Everything is different now.  

Walking the streets amid a cascading crescendo of noise from the people, traffic and businesses that call Manhattan home, I used to encounter all sorts of surprises — neighbors, of course, or an unexpected old friend, occasionally the glimpse a celebrity. Now, quarantined on an island off the coast of New England, the only sounds I hear are the crows cawing. I watch wild turkeys crossing the back yard, and see a rare walker, bundled in hat, scarf and gloves, striding rather grimly down the street. The silence is ringing in my ear.  I am alone, a castaway from the City.

The human touch has gone. No hugs, handshakes, or kisses.  God, I miss a rub on my back, a warm hug. A few days ago, however, I saw my first daffodils and a yellow forsythia blooming, reminders that time is passing.  I spend the days rereading Barbara Tuchman and Geraldine Brooks.

I have lived more than eight decades, and in many countries, so friends occasionally phone and ask, “Have you ever experienced anything like this?” Yes, I answer. 

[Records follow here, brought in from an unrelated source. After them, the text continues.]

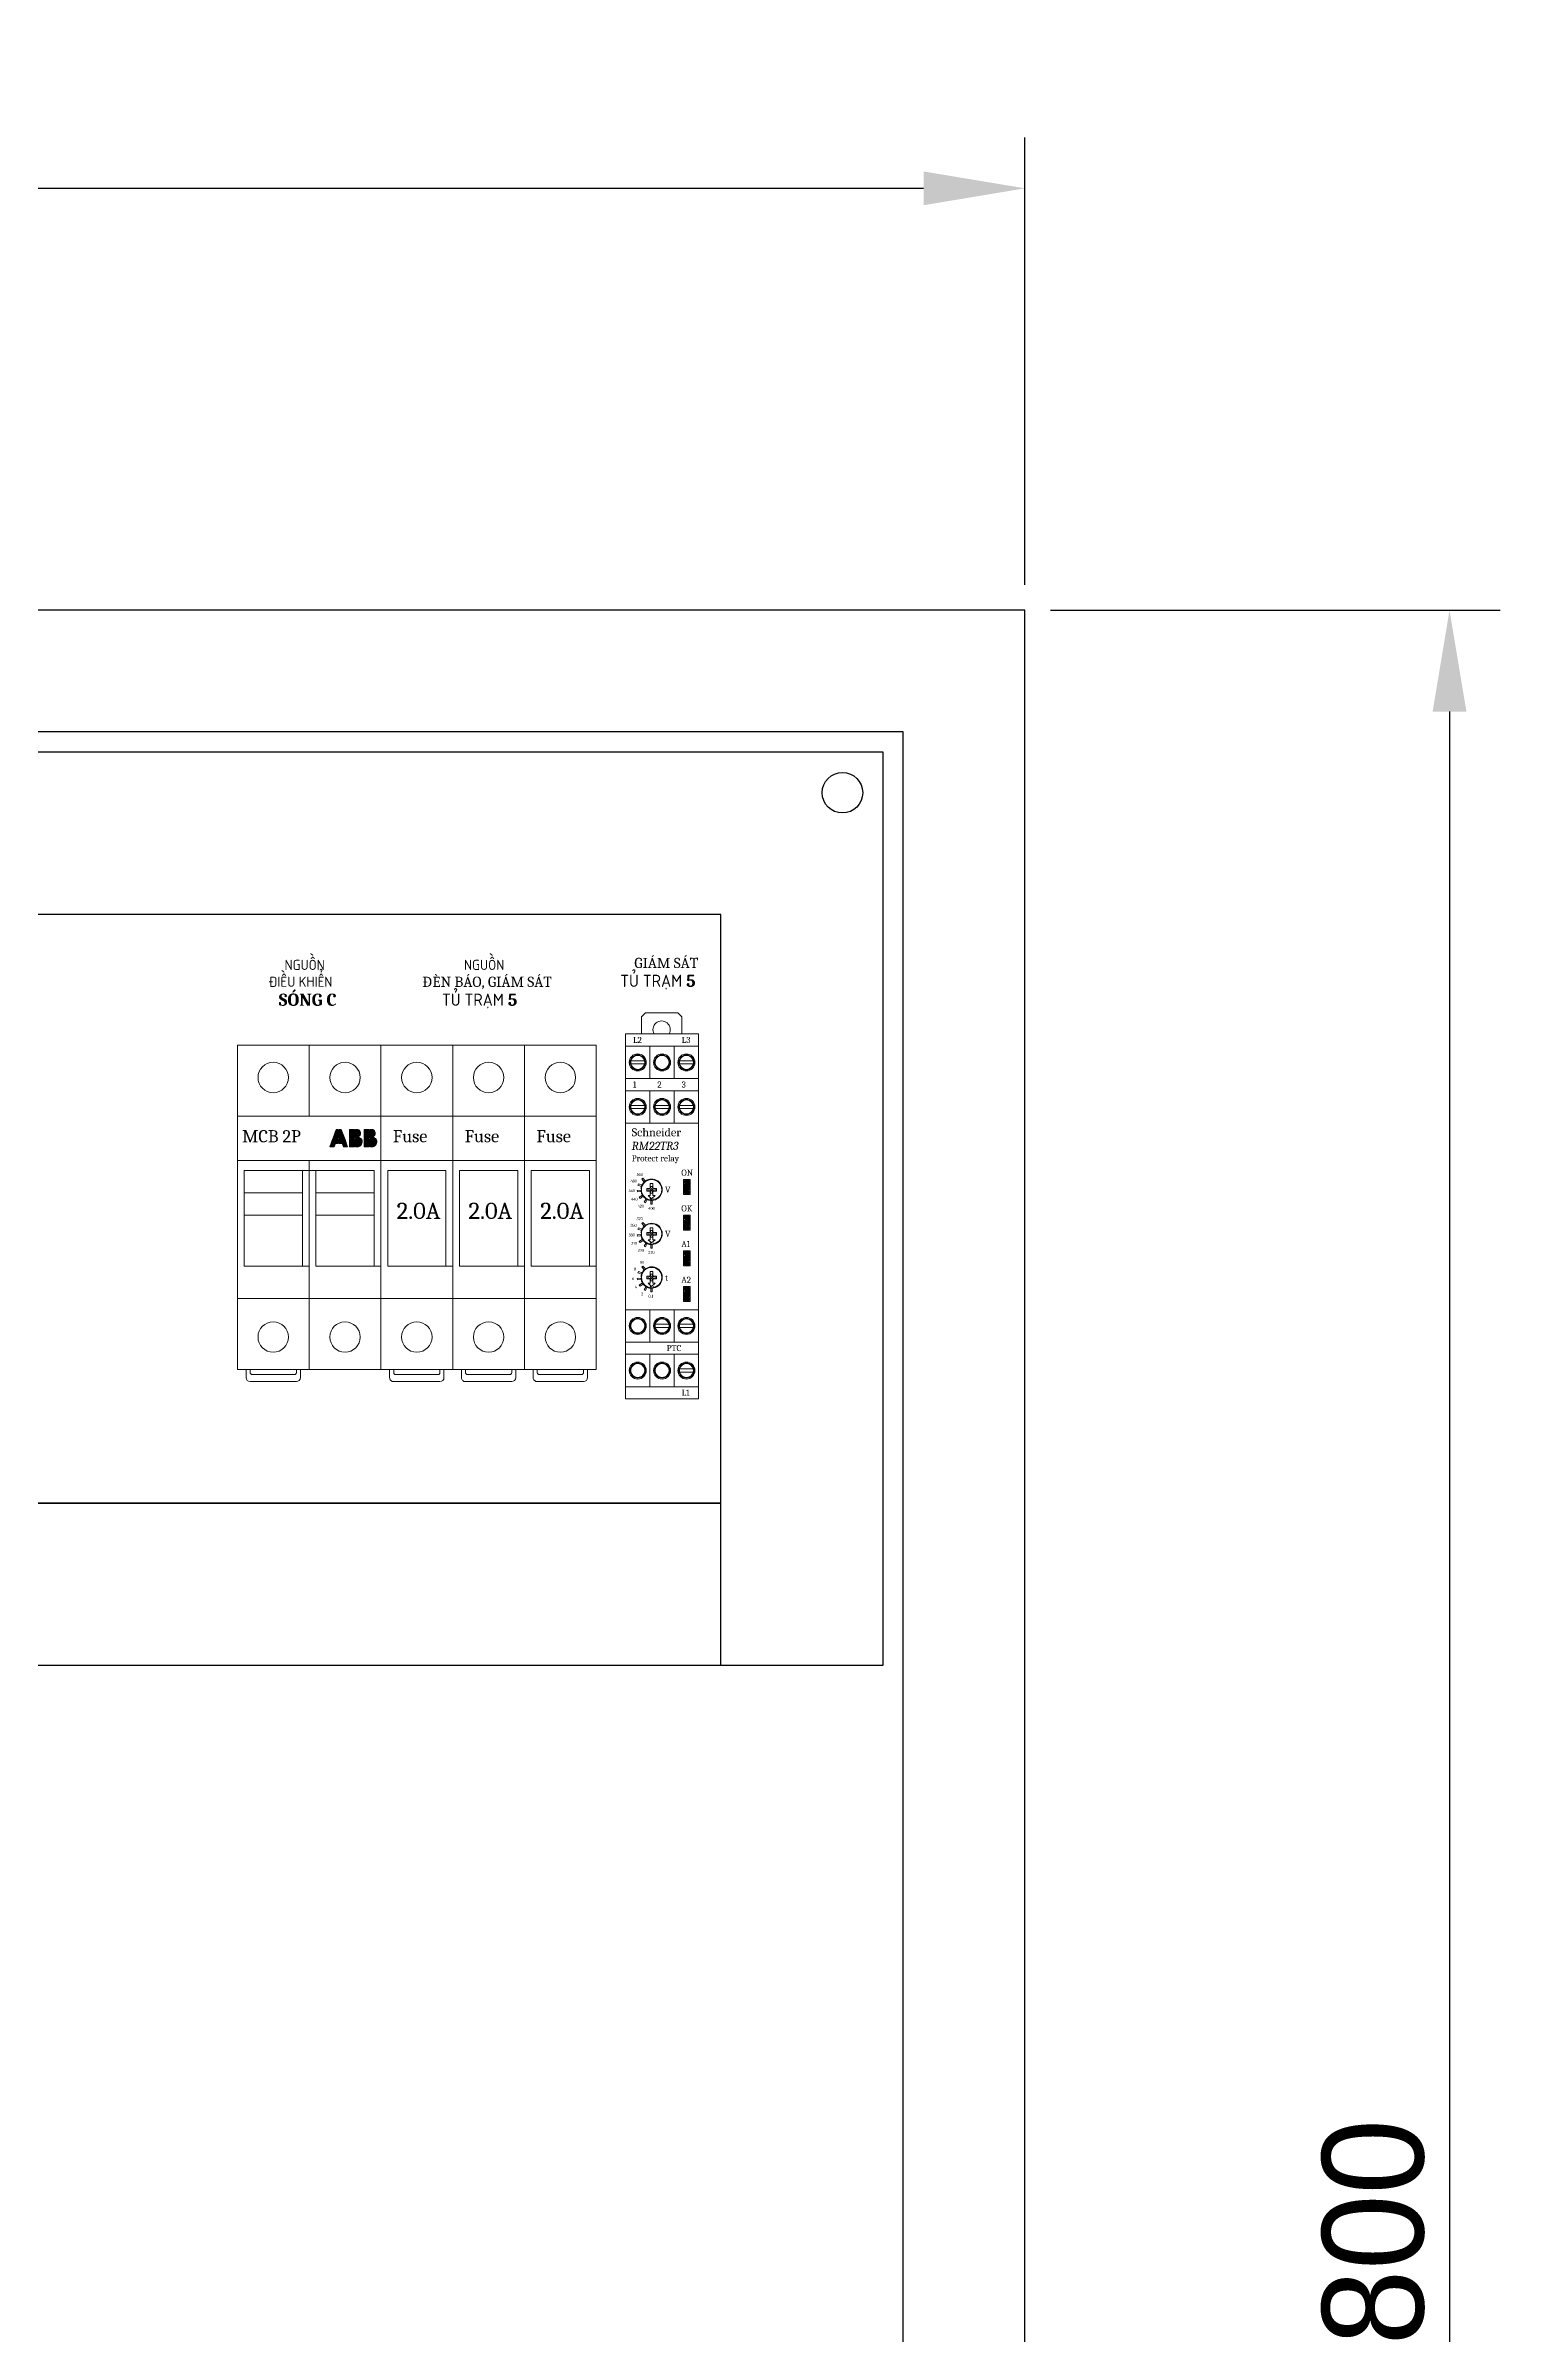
# Model space of a CAD drawing. Extents: x 223136 to 348136, y -32544 to -4064.
# Drawn here: x 242524 to 242882, y -30835 to -30271 of the extents above; entities that cross this region are included whole.
import ezdxf

# ---------------------------------------------------------------- set-up
doc = ezdxf.new("R2010")
doc.units = 0
doc.header["$LTSCALE"] = 20
doc.header["$MEASUREMENT"] = 0
for name, color, linetype, lineweight in [('EPLAN100', 7, 'Continuous', 25), ('Ghi Chu', 7, 'Continuous', 13), ('kich thuoc', 140, 'Continuous', 0)]:
    doc.layers.add(name, color=color, linetype=linetype, lineweight=lineweight)
doc.layers.add('PDF_Geometry', color=7, linetype='Continuous')
doc.layers.add('WirringDuct', color=130, linetype='Continuous')
doc.styles.add('Chu_10', font='Cambria.ttf', dxfattribs={"height": 10})
doc.dimstyles.get("Standard").update_dxf_attribs({"dimtxt": 0.18, "dimasz": 0.18, "dimexe": 0.18, "dimexo": 0.0625, "dimgap": 0.09, "dimtad": 0, "dimtih": 1, "dimtoh": 1, "dimdec": 4, "dimzin": 0, "dimdsep": 46, "dimtxsty": 'Standard', "dimcen": 0.09, "dimadec": 0, "dimazin": 0, "dimtfac": 1, "dimtdec": 4, "dimtofl": 0, "dimtmove": 0, "dimatfit": 3, "dimfxl": 0, "dimtolj": 1, "dimtzin": 0, "dimarcsym": 0})

# ---------------------------------------------------------------- blocks, each defined once
blk = doc.blocks.new('MCB-2P')
at = {"layer": 'EPLAN100', "linetype": 'Continuous', "lineweight": 13, "ltscale": 8}
for points in [[(-2968.54, 1257.57), (-2967.82, 1259.63), (-2966.48, 1259.63), (-2966.48, 1258.4), (-2967.2, 1258.4), (-2967.51, 1257.57)], [(-2967.76, 1259.82), (-2966.98, 1261.88), (-2966.48, 1261.88), (-2966.48, 1259.82)], [(-2964.97, 1259.82), (-2965.74, 1261.88), (-2966.25, 1261.88), (-2966.25, 1259.82)], [(-2964.19, 1257.57), (-2964.91, 1259.63), (-2966.25, 1259.63), (-2966.25, 1258.4), (-2965.53, 1258.4), (-2965.22, 1257.57)], [(-2963.73, 1261.88), (-2962.49, 1261.88), (-2962.49, 1259.82), (-2963.73, 1259.82)], [(-2963.73, 1257.57), (-2963.73, 1259.63), (-2962.49, 1259.63), (-2962.49, 1257.57)], [(-2961.13, 1259.82), (-2962.27, 1259.82), (-2962.27, 1261.88), (-2961.65, 1261.88), (-2961.42, 1261.77), (-2961.21, 1261.57), (-2961.09, 1261.36), (-2961.05, 1261.24), (-2961.01, 1260.99), (-2961.01, 1260.74), (-2961.13, 1260.46), (-2961.3, 1260.29), (-2961.42, 1260.21), (-2961.42, 1260), (-2961.3, 1259.92)], [(-2962.27, 1259.63), (-2962.27, 1257.57), (-2961.54, 1257.57), (-2961.21, 1257.76), (-2960.97, 1258.01), (-2960.8, 1258.25), (-2960.68, 1258.5), (-2960.64, 1258.79), (-2960.64, 1259.12), (-2960.72, 1259.37), (-2960.8, 1259.53), (-2960.93, 1259.63)], [(-2960.08, 1261.87), (-2958.84, 1261.87), (-2958.84, 1259.81), (-2960.08, 1259.81)], [(-2960.08, 1257.57), (-2960.08, 1259.63), (-2958.84, 1259.63), (-2958.84, 1257.57)], [(-2957.48, 1259.81), (-2958.62, 1259.81), (-2958.62, 1261.87), (-2958, 1261.87), (-2957.77, 1261.77), (-2957.57, 1261.57), (-2957.44, 1261.36), (-2957.4, 1261.24), (-2957.36, 1260.99), (-2957.36, 1260.74), (-2957.48, 1260.45), (-2957.65, 1260.29), (-2957.77, 1260.21), (-2957.77, 1260), (-2957.65, 1259.92)], [(-2958.62, 1259.63), (-2958.62, 1257.57), (-2957.89, 1257.57), (-2957.57, 1257.76), (-2957.32, 1258), (-2957.15, 1258.25), (-2957.03, 1258.5), (-2956.99, 1258.79), (-2956.99, 1259.12), (-2957.07, 1259.36), (-2957.15, 1259.53), (-2957.28, 1259.63)]]:
    blk.add_hatch(color=1, dxfattribs=at).paths.add_polyline_path(points, flags=0)
at = {"lineweight": 15}
for p, q in [((-2991.38, 1282.69), (-2991.38, 1202.69)), ((-2973.68, 1282.69), (-2991.38, 1282.69)), ((-2955.98, 1282.69), (-2973.68, 1282.69)), ((-2955.98, 1282.69), (-2955.98, 1202.69)), ((-2991.38, 1202.69), (-2973.68, 1202.69)), ((-2973.68, 1202.69), (-2955.98, 1202.69))]:
    blk.add_line(p, q, dxfattribs=at)
at = {"lineweight": 5}
for p, q in [((-2973.68, 1282.69), (-2973.68, 1265.19)), ((-2991.38, 1265.19), (-2973.68, 1265.19)), ((-2991.38, 1265.19), (-2973.68, 1265.19)), ((-2973.68, 1265.19), (-2955.98, 1265.19)), ((-2973.68, 1265.19), (-2955.98, 1265.19)), ((-2991.38, 1254.19), (-2973.68, 1254.19)), ((-2973.68, 1254.19), (-2973.68, 1229.19)), ((-2973.68, 1254.19), (-2955.98, 1254.19)), ((-2989.71, 1251.75), (-2989.71, 1228.19)), ((-2989.71, 1251.75), (-2957.65, 1251.75)), ((-2975.35, 1251.75), (-2975.35, 1228.19)), ((-2972.01, 1251.75), (-2972.01, 1228.19)), ((-2957.65, 1251.75), (-2957.65, 1228.19)), ((-2989.71, 1246.25), (-2975.35, 1246.25)), ((-2972.01, 1246.25), (-2957.65, 1246.25)), ((-2989.71, 1240.75), (-2975.35, 1240.75)), ((-2972.01, 1240.75), (-2957.65, 1240.75)), ((-2989.71, 1228.19), (-2973.68, 1228.19)), ((-2973.68, 1229.19), (-2973.68, 1202.69)), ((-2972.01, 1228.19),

In a haunting way, I’m reminded of my visit to the town of Pripyat in the Chernobyl Exclusion Zone. It was 2001, 15 years after the explosion. I was living and working in Ukraine and had heard so much about Chernobyl that I wanted to see it for myself. Along with three other foreigners, I received a special permit to go there; we were met and escorted everywhere by an official with a Geiger counter. What struck me most was the absence of sound. Never have I been to a quieter place, I wrote at the time. No birds, no traffic, none of the industrial hums and screeches that we are accustomed to. 

A second impression was how intangible radiation is. Like a virus, you do not smell it, see it, or intentionally touch it. You think it’s nowhere, until suddenly you realize it’s everywhere. We stood on a road near the center of the exclusion zone where the Geiger counter was silent, while two feet away from the road the radiation level was 1,000 times higher.  

We also stopped to visit a Pripyat apartment house whose residents were told they had 30 minutes to pack one suitcase and bring it to a line of buses. What they weren’t told was that they would never return. I looked around the empty apartments, unmade beds, half-finished letters and clothes abandoned on a chair. The apartments had been untouched for 15 years. 

Today, too, lives have been frozen in time.  Instead of being told to evacuate, we are instructed to isolate.  We don’t know when we will return to our previous way of living and or who will be missing when we do.

For months and even years in the wake of the Chernobyl disaster, millions of Europeans lived in fear and uncertainty.  In Ukraine there was anger at the Soviet political leaders, who dissembled and covered up the mounting health hazards, especially sending thousands of children to march outdoors in May Day parades instead of telling them to stay at home.  The reactor melt-down left a lasting mark on the Ukrainian psyche. To this day no-one knows for sure how many Soviet citizens perished from the eventual effects of radiation, just as no-one will ever know for sure how many people have died from the novel coronavirus.   

The heroes, then and now, are the first responders — medical personnel, fire fighters, soldiers, and countless other essential workers,  some of them volunteers, but many others just doing their jobs and bearing the brunt of the risks to spare the rest of society.  

Comparing Chernobyl and the current pandemic, I feel that the virus unites more than divides. As I sit in isolation with the world frozen, I relate to people suffering everywhere. Reading Barbara Tuchman’s A Distant Mirror about plague in the faraway fourteenth century, I’m struck by how the distant past seems so close.